Then, the dissolving operation is terminated after dissolving a predetermined number of times based on the operation program of the melting furnace.

In the above description, the storage unit 11c of the control device 11 stores the maximum value of the current value of the &quot; knitting repeat current &quot; for each type of molten metal (abstinence), weight of each material of the article to be exploited, , The minimum value, the frequency of the &quot; yarn repeat current &quot;, and dissolution information such as dissolution time are stored.
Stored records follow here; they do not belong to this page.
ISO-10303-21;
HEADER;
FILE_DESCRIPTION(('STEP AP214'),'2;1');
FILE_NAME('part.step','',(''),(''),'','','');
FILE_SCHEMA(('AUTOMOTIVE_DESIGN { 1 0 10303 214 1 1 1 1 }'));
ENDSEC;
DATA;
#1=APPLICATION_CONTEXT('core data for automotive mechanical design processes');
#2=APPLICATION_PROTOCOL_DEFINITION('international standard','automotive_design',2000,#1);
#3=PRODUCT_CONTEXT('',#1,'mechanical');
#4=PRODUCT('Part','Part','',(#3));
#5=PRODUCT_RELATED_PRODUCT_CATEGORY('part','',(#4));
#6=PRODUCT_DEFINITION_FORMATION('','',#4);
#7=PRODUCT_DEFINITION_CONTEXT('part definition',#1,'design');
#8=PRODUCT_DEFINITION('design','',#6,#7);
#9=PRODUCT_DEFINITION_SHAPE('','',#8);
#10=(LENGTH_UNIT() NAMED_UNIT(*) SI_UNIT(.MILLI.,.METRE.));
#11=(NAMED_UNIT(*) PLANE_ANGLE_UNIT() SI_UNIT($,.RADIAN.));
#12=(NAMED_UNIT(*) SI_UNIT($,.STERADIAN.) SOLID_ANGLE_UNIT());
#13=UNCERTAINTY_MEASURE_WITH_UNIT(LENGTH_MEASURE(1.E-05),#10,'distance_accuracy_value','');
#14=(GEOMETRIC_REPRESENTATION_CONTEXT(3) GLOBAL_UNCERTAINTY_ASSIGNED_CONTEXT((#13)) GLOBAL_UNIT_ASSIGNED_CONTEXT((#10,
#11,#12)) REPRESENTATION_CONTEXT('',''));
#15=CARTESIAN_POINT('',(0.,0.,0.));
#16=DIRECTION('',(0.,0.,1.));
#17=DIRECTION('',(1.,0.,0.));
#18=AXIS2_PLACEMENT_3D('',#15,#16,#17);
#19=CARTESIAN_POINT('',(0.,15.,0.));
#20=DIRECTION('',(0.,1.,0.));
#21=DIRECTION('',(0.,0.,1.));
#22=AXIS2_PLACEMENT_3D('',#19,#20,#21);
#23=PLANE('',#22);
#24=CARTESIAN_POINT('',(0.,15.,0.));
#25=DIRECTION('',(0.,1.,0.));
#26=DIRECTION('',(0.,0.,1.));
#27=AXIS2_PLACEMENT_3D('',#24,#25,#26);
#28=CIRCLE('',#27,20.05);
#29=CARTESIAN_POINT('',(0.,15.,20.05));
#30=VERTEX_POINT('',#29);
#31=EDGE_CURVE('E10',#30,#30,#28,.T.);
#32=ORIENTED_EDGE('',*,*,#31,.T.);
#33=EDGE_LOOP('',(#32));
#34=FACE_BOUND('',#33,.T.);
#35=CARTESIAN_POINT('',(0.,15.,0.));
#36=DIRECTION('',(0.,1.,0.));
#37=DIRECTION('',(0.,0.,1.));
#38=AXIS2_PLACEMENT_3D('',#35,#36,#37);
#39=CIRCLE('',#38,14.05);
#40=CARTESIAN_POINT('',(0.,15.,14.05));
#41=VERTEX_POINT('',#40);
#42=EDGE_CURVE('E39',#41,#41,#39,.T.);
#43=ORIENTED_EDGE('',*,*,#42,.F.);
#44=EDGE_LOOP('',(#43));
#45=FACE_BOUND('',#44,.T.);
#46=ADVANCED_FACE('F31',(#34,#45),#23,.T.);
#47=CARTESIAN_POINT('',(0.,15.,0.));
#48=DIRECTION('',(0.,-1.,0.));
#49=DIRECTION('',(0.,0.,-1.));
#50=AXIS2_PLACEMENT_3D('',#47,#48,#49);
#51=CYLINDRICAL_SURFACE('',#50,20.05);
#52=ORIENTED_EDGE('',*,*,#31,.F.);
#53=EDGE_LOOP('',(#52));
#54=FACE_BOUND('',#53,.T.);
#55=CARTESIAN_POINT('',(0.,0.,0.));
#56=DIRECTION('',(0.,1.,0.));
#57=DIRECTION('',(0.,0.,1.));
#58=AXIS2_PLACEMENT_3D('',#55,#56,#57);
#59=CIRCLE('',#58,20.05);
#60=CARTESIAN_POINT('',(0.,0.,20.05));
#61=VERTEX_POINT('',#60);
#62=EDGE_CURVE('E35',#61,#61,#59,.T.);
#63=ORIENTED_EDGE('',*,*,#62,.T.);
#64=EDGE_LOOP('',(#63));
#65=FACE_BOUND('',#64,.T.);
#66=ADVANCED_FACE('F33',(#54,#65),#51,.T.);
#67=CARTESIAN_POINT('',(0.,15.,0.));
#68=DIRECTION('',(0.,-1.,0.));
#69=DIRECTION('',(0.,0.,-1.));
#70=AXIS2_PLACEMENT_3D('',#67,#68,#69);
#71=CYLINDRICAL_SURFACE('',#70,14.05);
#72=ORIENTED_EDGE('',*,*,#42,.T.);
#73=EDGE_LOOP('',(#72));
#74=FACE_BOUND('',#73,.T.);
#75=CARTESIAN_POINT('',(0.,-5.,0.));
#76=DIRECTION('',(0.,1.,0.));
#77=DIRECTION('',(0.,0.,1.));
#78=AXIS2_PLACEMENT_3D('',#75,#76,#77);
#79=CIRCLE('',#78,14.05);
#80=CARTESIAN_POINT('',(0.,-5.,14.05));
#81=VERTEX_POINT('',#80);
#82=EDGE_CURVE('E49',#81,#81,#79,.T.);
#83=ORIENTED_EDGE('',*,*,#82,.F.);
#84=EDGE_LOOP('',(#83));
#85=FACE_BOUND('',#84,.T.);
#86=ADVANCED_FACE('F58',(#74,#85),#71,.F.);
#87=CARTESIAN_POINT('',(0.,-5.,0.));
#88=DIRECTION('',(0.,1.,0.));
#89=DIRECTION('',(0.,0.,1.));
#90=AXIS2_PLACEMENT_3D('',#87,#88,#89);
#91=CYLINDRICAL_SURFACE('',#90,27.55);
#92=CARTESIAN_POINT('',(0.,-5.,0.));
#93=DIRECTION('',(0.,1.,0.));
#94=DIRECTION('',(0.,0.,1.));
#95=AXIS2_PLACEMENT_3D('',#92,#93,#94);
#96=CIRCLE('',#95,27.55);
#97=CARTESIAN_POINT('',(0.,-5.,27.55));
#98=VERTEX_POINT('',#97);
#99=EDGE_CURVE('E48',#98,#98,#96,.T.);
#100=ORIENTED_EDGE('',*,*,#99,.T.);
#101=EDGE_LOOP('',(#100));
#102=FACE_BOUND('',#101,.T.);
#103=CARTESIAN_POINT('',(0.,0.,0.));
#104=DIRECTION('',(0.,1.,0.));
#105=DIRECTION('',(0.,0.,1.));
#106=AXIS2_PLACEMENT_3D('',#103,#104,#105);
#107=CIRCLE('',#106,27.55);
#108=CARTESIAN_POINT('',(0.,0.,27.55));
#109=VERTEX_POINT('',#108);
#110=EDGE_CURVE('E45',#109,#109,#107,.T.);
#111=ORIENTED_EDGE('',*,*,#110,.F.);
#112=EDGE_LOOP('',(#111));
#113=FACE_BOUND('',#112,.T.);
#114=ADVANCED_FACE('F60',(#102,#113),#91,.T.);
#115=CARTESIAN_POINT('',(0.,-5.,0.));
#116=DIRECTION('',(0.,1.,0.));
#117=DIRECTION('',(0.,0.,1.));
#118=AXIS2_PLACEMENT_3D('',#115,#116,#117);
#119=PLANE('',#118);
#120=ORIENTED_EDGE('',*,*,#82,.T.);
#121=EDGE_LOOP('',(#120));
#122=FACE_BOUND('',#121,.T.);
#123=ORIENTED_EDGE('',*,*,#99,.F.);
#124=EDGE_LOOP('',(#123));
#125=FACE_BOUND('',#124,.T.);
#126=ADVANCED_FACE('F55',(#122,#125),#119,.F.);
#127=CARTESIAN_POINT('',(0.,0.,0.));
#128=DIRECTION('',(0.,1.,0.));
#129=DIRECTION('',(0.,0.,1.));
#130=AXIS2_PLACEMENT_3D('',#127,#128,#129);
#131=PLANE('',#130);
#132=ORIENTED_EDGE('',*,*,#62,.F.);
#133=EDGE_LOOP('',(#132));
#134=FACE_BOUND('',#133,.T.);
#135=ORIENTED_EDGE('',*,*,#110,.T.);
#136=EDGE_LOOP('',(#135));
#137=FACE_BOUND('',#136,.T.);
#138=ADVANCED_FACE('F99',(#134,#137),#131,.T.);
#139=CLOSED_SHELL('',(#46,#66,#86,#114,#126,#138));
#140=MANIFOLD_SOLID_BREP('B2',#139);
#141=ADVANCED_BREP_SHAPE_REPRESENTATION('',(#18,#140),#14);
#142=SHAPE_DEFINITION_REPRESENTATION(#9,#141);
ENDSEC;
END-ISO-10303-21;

However, the frequency of the current is changed to a predetermined frequency width every time when the excavated product is dissolved without obtaining the maximum value, the minimum value and the frequency of the current value by an experiment or the like, and the shape change or the illumination change is detected by the melt measurement means 12, And the frequency at which the maximum oscillation amplitude or the maximum illuminance is obtained may be obtained and the frequency may be obtained and then melted for a predetermined time at a frequency at which the maximum oscillation amplitude or the maximum illuminance is obtained.

Further, for example, in the case of an alloy, the surface tension and the viscoelastic characteristic of the molten metal change depending on the composition of the composition, and thus the frequency at which the maximum oscillation amplitude is obtained also varies from time to time.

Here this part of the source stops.